Sat Nov 28, 2009, 8:57 AM
I hate the cold dreariness of this time of year, but at least the stars are brighter.

The boredom and non-stimulating repetition of work has driven me to hunt my own inspiration. I have calluses on my fingertips again thanks to practicing scales on guitar everyday. This is opening up the instrument to me creatively in new ways and re-igniting my love for music and the guitar as an art form.
Late nights make for lousy mornings but at least I'm writing more poetry lately.
I'm also exercising and meditating as regularly as I can, with the goal for the latter to be at least 30 minutes every day. So far all I can do is 20 min every other day. Learning a new discipline can be challenging.

Lately I feel like my poems all use similar language or have similarly dark themes, and I'm not sure how to break out of that pattern or whether I even should. I don't want to be like AC/DC or a blues musician, defaulting to a perpetual creative re-hash of what's already been overdone.
Perspective?

In an hour or so I leave for Sauk City, WI, land of my birth and residence of my parents for Thanksgiving, round 3.

  • Mood: Dazed
  • Listening to: "Perfect Pitch Black" by Cave In
  • Reading: Sefer Yetzirah as translated by Aryeh Kaplan
  • Eating: Ezekiel bread
  • Drinking: Ethiopian Sidamo coffee

summer swelter

Fri Jul 24, 2009, 9:12 PM
This summer is anything but sweltering, at least in southern Wisconsin. This is bizarre, it's been like 4 months of April. Which I usually don't mind, but some sun once in a while would be nice. At least it's cool and humid today, which is how I like it. Incidentally, cool and humid is terrible for vinyl records and musical instruments. Dammit.

There's a few new poems up, read them and comment please!

I've made a habit of staying up really late a few nights a week and meditating, as well as studying Kabbalah (finally! I've been meaning to do this for a long time). This is the school of mysticism that I've been looking for. The sky has been cracking open, lately. At least for me. Beautiful and terrifying revelations. I understand a little bit of why prophets and saints in religious scriptures become afraid for their lives when they have an encounter with God or an angel. I've been keeping a journal during some of these times, I'm going to start a separate blog for these arcane ramblings, I'll provide a link here as soon as I do for those who are interested.
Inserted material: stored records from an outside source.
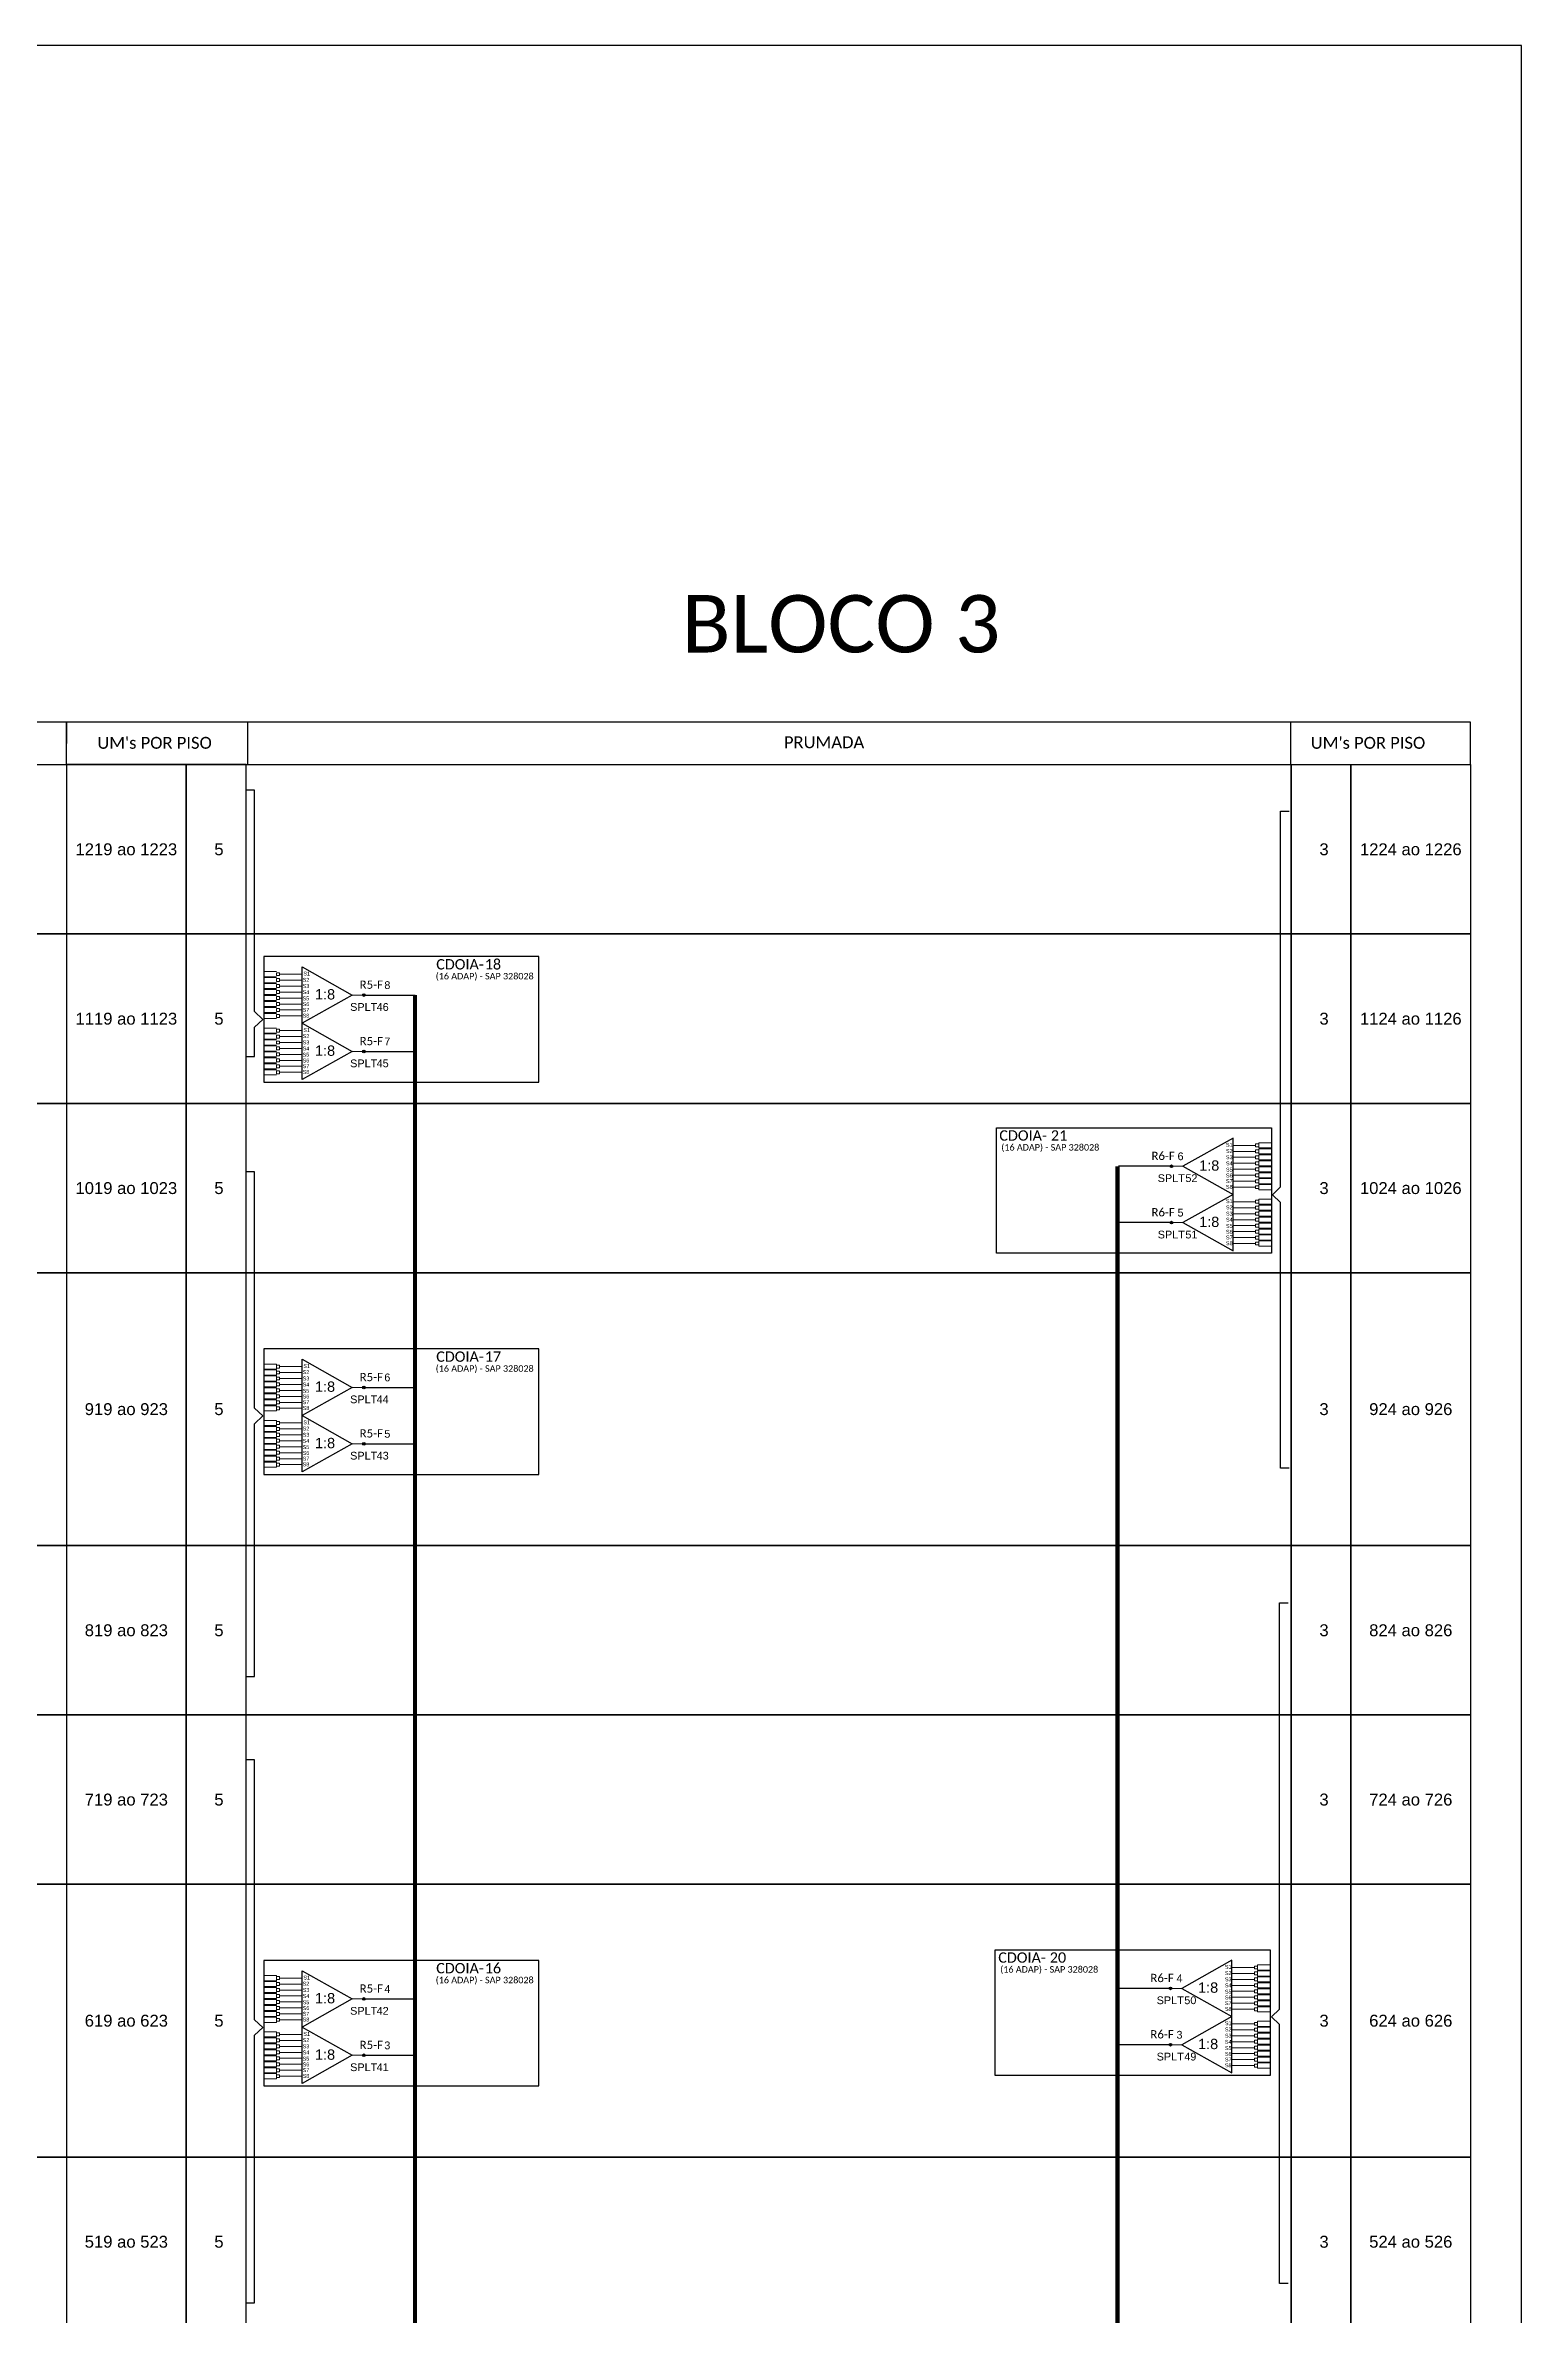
# Model space of a CAD drawing. Extents: x -89 to 1745, y 705 to 1299.
# Drawn here: x 1539.9 to 1745.3, y 983.1 to 1299 of the extents above; entities that cross this region are included whole.
import ezdxf
from ezdxf.enums import TextEntityAlignment as Align

# ---------------------------------------------------------------- set-up
doc = ezdxf.new("R2010")
doc.units = 0
doc.styles.add('ARIAL', font='arial.ttf')
doc.styles.add('WMF-Calibri0', font='calibri.ttf')

msp = doc.modelspace()

# ---------------------------------------------------------------- hatches: boundary and pattern name
h = msp.add_hatch(color=3)
h.dxf.hatch_style = 1
edge = h.paths.add_edge_path()
edge.add_arc((1584.21, 1166.83), 0.185, 0, 360)
h = msp.add_hatch(color=3)
h.dxf.hatch_style = 1
edge = h.paths.add_edge_path()
edge.add_arc((1584.21, 1158.98), 0.185, 0, 360)
h = msp.add_hatch(color=3)
h.dxf.hatch_style = 1
edge = h.paths.add_edge_path()
edge.add_arc((1696.58, 1142.99), 0.185, 0, 360)
h = msp.add_hatch(color=3)
h.dxf.hatch_style = 1
edge = h.paths.add_edge_path()
edge.add_arc((1696.58, 1135.15), 0.185, 0, 360)
h = msp.add_hatch(color=3)
h.dxf.hatch_style = 1
edge = h.paths.add_edge_path()
edge.add_arc((1584.21, 1112.21), 0.185, 0, 360)
h = msp.add_hatch(color=3)
h.dxf.hatch_style = 1
edge = h.paths.add_edge_path()
edge.add_arc((1584.21, 1104.36), 0.185, 0, 360)
h = msp.add_hatch(color=3)
h.dxf.hatch_style = 1
edge = h.paths.add_edge_path()
edge.add_arc((1584.21, 1027.08), 0.185, 0, 360)
h = msp.add_hatch(color=3)
h.dxf.hatch_style = 1
edge = h.paths.add_edge_path()
edge.add_arc((1696.43, 1028.56), 0.185, 0, 360)
h = msp.add_hatch(color=3)
h.dxf.hatch_style = 1
edge = h.paths.add_edge_path()
edge.add_arc((1696.43, 1020.72), 0.185, 0, 360)
h = msp.add_hatch(color=3)
h.dxf.hatch_style = 1
edge = h.paths.add_edge_path()
edge.add_arc((1584.21, 1019.24), 0.185, 0, 360)

# ---------------------------------------------------------------- linework, layer by layer
for points in [[(906.72, 705.02), (1745.28, 705.02), (1745.28, 1299.02), (906.72, 1299.02), (906.72, 705.02)], [(1347.49, 1198.9), (1542.85, 1198.9), (1542.85, 1204.83), (1347.49, 1204.83), (1347.49, 1204.83), (1347.49, 1201.86)], [(1542.85, 1198.9), (1738.2, 1198.9), (1738.2, 1204.83), (1542.85, 1204.83), (1542.85, 1204.83), (1542.85, 1201.86)], [(1568.09, 1198.9), (1568.09, 1204.83)], [(1713.2, 1198.9), (1713.2, 1204.83)]]:
    msp.add_lwpolyline(points)
for points in [[(1526.18, 1198.9), (1542.85, 1198.9), (1542.85, 1175.33), (1526.18, 1175.33)], [(1559.51, 1198.9), (1542.85, 1198.9), (1542.85, 1175.33), (1559.51, 1175.33)], [(1567.85, 1198.9), (1559.51, 1198.9), (1559.51, 1175.33), (1567.85, 1175.33)], [(1567.85, 1198.9), (1713.21, 1198.9), (1713.21, 1175.33), (1567.85, 1175.33)], [(1713.21, 1198.9), (1721.54, 1198.9), (1721.54, 1175.33), (1713.21, 1175.33)], [(1721.54, 1198.9), (1738.2, 1198.9), (1738.2, 1175.33), (1721.54, 1175.33)], [(1526.18, 1175.33), (1542.85, 1175.33), (1542.85, 1151.75), (1526.18, 1151.75)], [(1559.51, 1175.33), (1542.85, 1175.33), (1542.85, 1151.75), (1559.51, 1151.75)], [(1567.85, 1175.33), (1559.51, 1175.33), (1559.51, 1151.75), (1567.85, 1151.75)], [(1567.85, 1175.33), (1713.21, 1175.33), (1713.21, 1151.75), (1567.85, 1151.75)], [(1713.21, 1175.33), (1721.54, 1175.33), (1721.54, 1151.75), (1713.21, 1151.75)], [(1721.54, 1175.33), (1738.2, 1175.33), (1738.2, 1151.75), (1721.54, 1151.75)], [(1526.18, 1151.75), (1542.85, 1151.75), (1542.85, 1128.18), (1526.18, 1128.18)], [(1559.51, 1151.75), (1542.85, 1151.75), (1542.85, 1128.18), (1559.51, 1128.18)], [(1567.85, 1151.75), (1559.51, 1151.75), (1559.51, 1128.18), (1567.85, 1128.18)], [(1567.85, 1151.75), (1713.21, 1151.75), (1713.21, 1128.18), (1567.85, 1128.18)], [(1713.21, 1151.75), (1721.54, 1151.75), (1721.54, 1128.18), (1713.21, 1128.18)], [(1721.54, 1151.75), (1738.2, 1151.75), (1738.2, 1128.18), (1721.54, 1128.18)], [(1526.18, 1128.18), (1542.85, 1128.18), (1542.85, 1090.2), (1526.18, 1090.2)], [(1559.51, 1128.18), (1542.85, 1128.18), (1542.85, 1090.2), (1559.51, 1090.2)], [(1567.85, 1128.18), (1559.51, 1128.18), (1559.51, 1090.2), (1567.85, 1090.2)], [(1567.85, 1128.18), (1713.21, 1128.18), (1713.21, 1090.2), (1567.85, 1090.2)], [(1713.21, 1128.18), (1721.54, 1128.18), (1721.54, 1090.2), (1713.21, 1090.2)], [(1721.54, 1128.18), (1738.2, 1128.18), (1738.2, 1090.2), (1721.54, 1090.2)], [(1526.18, 1090.2), (1542.85, 1090.2), (1542.85, 1066.63), (1526.18, 1066.63)], [(1559.51, 1090.2), (1542.85, 1090.2), (1542.85, 1066.63), (1559.51, 1066.63)], [(1567.85, 1090.2), (1559.51, 1090.2), (1559.51, 1066.63), (1567.85, 1066.63)], [(1567.85, 1090.2), (1713.21, 1090.2), (1713.21, 1066.63), (1567.85, 1066.63)], [(1713.21, 1090.2), (1721.54, 1090.2), (1721.54, 1066.63), (1713.21, 1066.63)], [(1721.54, 1090.2), (1738.2, 1090.2), (1738.2, 1066.63), (1721.54, 1066.63)], [(1526.18, 1066.63), (1542.85, 1066.63), (1542.85, 1043.05), (1526.18, 1043.05)], [(1559.51, 1066.63), (1542.85, 1066.63), (1542.85, 1043.05), (1559.51, 1043.05)], [(1567.85, 1066.63), (1559.51, 1066.63), (1559.51, 1043.05), (1567.85, 1043.05)], [(1567.85, 1066.63), (1713.21, 1066.63), (1713.21, 1043.05), (1567.85, 1043.05)], [(1713.21, 1066.63), (1721.54, 1066.63), (1721.54, 1043.05), (1713.21, 1043.05)], [(1721.54, 1066.63), (1738.2, 1066.63), (1738.2, 1043.05), (1721.54, 1043.05)], [(1526.18, 1043.05), (1542.85, 1043.05), (1542.85, 1005.08), (1526.18, 1005.08)], [(1559.51, 1043.05), (1542.85, 1043.05), (1542.85, 1005.08), (1559.51, 1005.08)], [(1567.85, 1043.05), (1559.51, 1043.05), (1559.51, 1005.08), (1567.85, 1005.08)], [(1567.85, 1043.05), (1713.21, 1043.05), (1713.21, 1005.08), (1567.85, 1005.08)], [(1713.21, 1043.05), (1721.54, 1043.05), (1721.54, 1005.08), (1713.21, 1005.08)], [(1721.54, 1043.05), (1738.2, 1043.05), (1738.2, 1005.08), (1721.54, 1005.08)], [(1526.18, 1005.08), (1542.85, 1005.08), (1542.85, 981.5), (1526.18, 981.5)], [(1559.51, 1005.08), (1542.85, 1005.08), (1542.85, 981.5), (1559.51, 981.5)], [(1567.85, 1005.08), (1559.51, 1005.08), (1559.51, 981.5), (1567.85, 981.5)], [(1567.85, 1005.08), (1713.21, 1005.08), (1713.21, 981.5), (1567.85, 981.5)], [(1713.21, 1005.08), (1721.54, 1005.08), (1721.54, 981.5), (1713.21, 981.5)], [(1721.54, 1005.08), (1738.2, 1005.08), (1738.2, 981.5), (1721.54, 981.5)]]:
    msp.add_lwpolyline(points, close=True)
at = {"color": 3}
for points in [[(1567.83, 1158.27), (1569.02, 1158.27), (1569.02, 1162.35), (1570.15, 1163.43), (1569.02, 1164.52), (1569.02, 1195.35), (1567.83, 1195.35)], [(1712.95, 1100.95), (1711.76, 1100.95), (1711.76, 1137.94), (1710.63, 1139.02), (1711.76, 1140.11), (1711.76, 1192.44), (1712.95, 1192.44)], [(1584.21, 1166.83), (1591.35, 1166.83)], [(1584.21, 1158.98), (1591.35, 1158.98)], [(1567.83, 1071.95), (1569.02, 1071.95), (1569.02, 1107.15), (1570.15, 1108.24), (1569.02, 1109.33), (1569.02, 1142.23), (1567.83, 1142.23)], [(1584.21, 1112.21), (1591.35, 1112.21)], [(1584.21, 1104.36), (1591.35, 1104.36)], [(1712.8, 987.47), (1711.61, 987.47), (1711.61, 1023.51), (1710.48, 1024.59), (1711.61, 1025.68), (1711.61, 1082.21), (1712.8, 1082.21)], [(1567.83, 984.79), (1569.02, 984.79), (1569.02, 1022.03), (1570.15, 1023.11), (1569.02, 1024.2), (1569.02, 1060.38), (1567.83, 1060.38)], [(1584.21, 1027.08), (1591.35, 1027.08)], [(1584.21, 1019.24), (1591.35, 1019.24)]]:
    msp.add_lwpolyline(points, dxfattribs=at)
at = {"color": 1}
for points in [[(1608.57, 1172.19), (1570.32, 1172.19), (1570.32, 1154.71), (1608.57, 1154.71)], [(1672.22, 1148.36), (1710.47, 1148.36), (1710.47, 1130.88), (1672.22, 1130.88)], [(1608.57, 1117.57), (1570.32, 1117.57), (1570.32, 1100.09), (1608.57, 1100.09)], [(1672.07, 1033.93), (1710.32, 1033.93), (1710.32, 1016.45), (1672.07, 1016.45)], [(1608.57, 1032.45), (1570.32, 1032.45), (1570.32, 1014.97), (1608.57, 1014.97)]]:
    msp.add_lwpolyline(points, close=True, dxfattribs=at)
at = {"color": 3, "lineweight": 0}
for points in [[(1572.08, 1170.09), (1570.34, 1170.09)], [(1572.08, 1169.38), (1570.34, 1169.38)], [(1572.08, 1169.26), (1570.34, 1169.26)], [(1572.49, 1169.73), (1575.64, 1169.73)], [(1575.64, 1168.9), (1572.49, 1168.9)], [(1572.08, 1168.55), (1570.34, 1168.55)], [(1572.08, 1168.43), (1570.34, 1168.43)], [(1572.08, 1167.72), (1570.34, 1167.72)], [(1572.08, 1167.6), (1570.34, 1167.6)], [(1572.08, 1166.89), (1570.34, 1166.89)], [(1572.08, 1166.77), (1570.34, 1166.77)], [(1572.08, 1166.06), (1570.34, 1166.06)], [(1572.08, 1165.94), (1570.34, 1165.94)], [(1575.64, 1168.07), (1572.49, 1168.07)], [(1575.64, 1167.24), (1572.49, 1167.24)], [(1575.64, 1166.41), (1572.49, 1166.41)], [(1572.08, 1165.23), (1570.34, 1165.23)], [(1572.08, 1165.11), (1570.34, 1165.11)], [(1572.08, 1164.4), (1570.34, 1164.4)], [(1572.08, 1164.28), (1570.34, 1164.28)], [(1572.08, 1163.57), (1570.34, 1163.57)], [(1575.64, 1165.58), (1572.49, 1165.58)], [(1575.64, 1164.75), (1572.49, 1164.75)], [(1575.64, 1163.92), (1572.49, 1163.92)], [(1572.08, 1162.24), (1570.34, 1162.24)], [(1572.08, 1161.53), (1570.34, 1161.53)], [(1572.08, 1161.41), (1570.34, 1161.41)], [(1572.08, 1160.7), (1570.34, 1160.7)], [(1572.08, 1160.58), (1570.34, 1160.58)], [(1572.08, 1159.87), (1570.34, 1159.87)], [(1572.08, 1159.75), (1570.34, 1159.75)], [(1572.49, 1161.89), (1575.64, 1161.89)], [(1575.64, 1161.06), (1572.49, 1161.06)], [(1575.64, 1160.23), (1572.49, 1160.23)], [(1575.64, 1159.4), (1572.49, 1159.4)], [(1572.08, 1159.04), (1570.34, 1159.04)], [(1572.08, 1158.92), (1570.34, 1158.92)], [(1572.08, 1158.21), (1570.34, 1158.21)], [(1572.08, 1158.09), (1570.34, 1158.09)], [(1572.08, 1157.38), (1570.34, 1157.38)], [(1572.08, 1157.26), (1570.34, 1157.26)], [(1572.08, 1156.55), (1570.34, 1156.55)], [(1572.08, 1156.43), (1570.34, 1156.43)], [(1575.64, 1158.57), (1572.49, 1158.57)], [(1575.64, 1157.74), (1572.49, 1157.74)], [(1575.64, 1156.91), (1572.49, 1156.91)], [(1572.08, 1155.72), (1570.34, 1155.72)], [(1575.64, 1156.08), (1572.49, 1156.08)], [(1708.29, 1145.9), (1705.14, 1145.9)], [(1705.14, 1145.07), (1708.29, 1145.07)], [(1705.14, 1144.24), (1708.29, 1144.24)], [(1708.71, 1146.25), (1708.71, 1145.54)], [(1708.71, 1146.25), (1710.45, 1146.25)], [(1708.71, 1145.54), (1710.45, 1145.54)], [(1708.71, 1145.42), (1708.71, 1144.71)], [(1708.71, 1145.42), (1710.45, 1145.42)], [(1708.71, 1144.71), (1710.45, 1144.71)], [(1708.71, 1144.59), (1708.71, 1143.88)], [(1708.71, 1144.59), (1710.45, 1144.59)], [(1708.71, 1143.88), (1710.45, 1143.88)], [(1708.71, 1143.76), (1708.71, 1143.05)], [(1708.71, 1143.76), (1710.45, 1143.76)], [(1705.14, 1143.41), (1708.29, 1143.41)], [(1705.14, 1142.58), (1708.29, 1142.58)], [(1705.14, 1141.75), (1708.29, 1141.75)], [(1705.14, 1140.92), (1708.29, 1140.92)], [(1708.71, 1143.05), (1710.45, 1143.05)], [(1708.71, 1142.93), (1708.71, 1142.22)], [(1708.71, 1142.93), (1710.45, 1142.93)], [(1708.71, 1142.22), (1710.45, 1142.22)], [(1708.71, 1142.1), (1708.71, 1141.39)], [(1708.71, 1142.1), (1710.45, 1142.1)], [(1708.71, 1141.39), (1710.45, 1141.39)], [(1708.71, 1141.27), (1708.71, 1140.56)], [(1708.71, 1141.27), (1710.45, 1141.27)], [(1708.71, 1140.56), (1710.45, 1140.56)], [(1708.71, 1140.44), (1708.71, 1139.73)], [(1708.71, 1140.44), (1710.45, 1140.44)], [(1705.14, 1140.09), (1708.29, 1140.09)], [(1708.29, 1138.05), (1705.14, 1138.05)], [(1705.14, 1137.22), (1708.29, 1137.22)], [(1708.71, 1139.73), (1710.45, 1139.73)], [(1708.71, 1138.41), (1708.71, 1137.7)], [(1708.71, 1138.41), (1710.45, 1138.41)], [(1708.71, 1137.7), (1710.45, 1137.7)], [(1708.71, 1137.58), (1708.71, 1136.87)], [(1708.71, 1137.58), (1710.45, 1137.58)], [(1705.14, 1136.39), (1708.29, 1136.39)], [(1705.14, 1135.56), (1708.29, 1135.56)], [(1705.14, 1134.73), (1708.29, 1134.73)], [(1708.71, 1136.87), (1710.45, 1136.87)], [(1708.71, 1136.75), (1708.71, 1136.04)], [(1708.71, 1136.75), (1710.45, 1136.75)], [(1708.71, 1136.04), (1710.45, 1136.04)], [(1708.71, 1135.92), (1708.71, 1135.21)], [(1708.71, 1135.92), (1710.45, 1135.92)], [(1708.71, 1135.21), (1710.45, 1135.21)], [(1708.71, 1135.09), (1708.71, 1134.38)], [(1708.71, 1135.09), (1710.45, 1135.09)], [(1708.71, 1134.38), (1710.45, 1134.38)], [(1708.71, 1134.26), (1708.71, 1133.55)], [(1708.71, 1134.26), (1710.45, 1134.26)], [(1705.14, 1133.9), (1708.29, 1133.9)], [(1705.14, 1133.07), (1708.29, 1133.07)], [(1705.14, 1132.24), (1708.29, 1132.24)], [(1708.71, 1133.55), (1710.45, 1133.55)], [(1708.71, 1133.43), (1708.71, 1132.72)], [(1708.71, 1133.43), (1710.45, 1133.43)], [(1708.71, 1132.72), (1710.45, 1132.72)], [(1708.71, 1132.6), (1708.71, 1131.89)], [(1708.71, 1132.6), (1710.45, 1132.6)], [(1708.71, 1131.89), (1710.45, 1131.89)], [(1572.08, 1115.47), (1570.34, 1115.47)], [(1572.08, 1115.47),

I saw SONIC YOUTH last Monday night! It was wonderful to see my heroes in action. Kim Gordon is way, way cooler than Karen O will ever be. Turner Hall Ballroom is way, way better than The Rave as a venue. Special thanks to Josh for telling me about the Appleseed Cast being in town a few weeks ago, too. That was another beautiful show- their music reminds me of that deep, eternal longing... the cosmic gaze set toward the far pavilions...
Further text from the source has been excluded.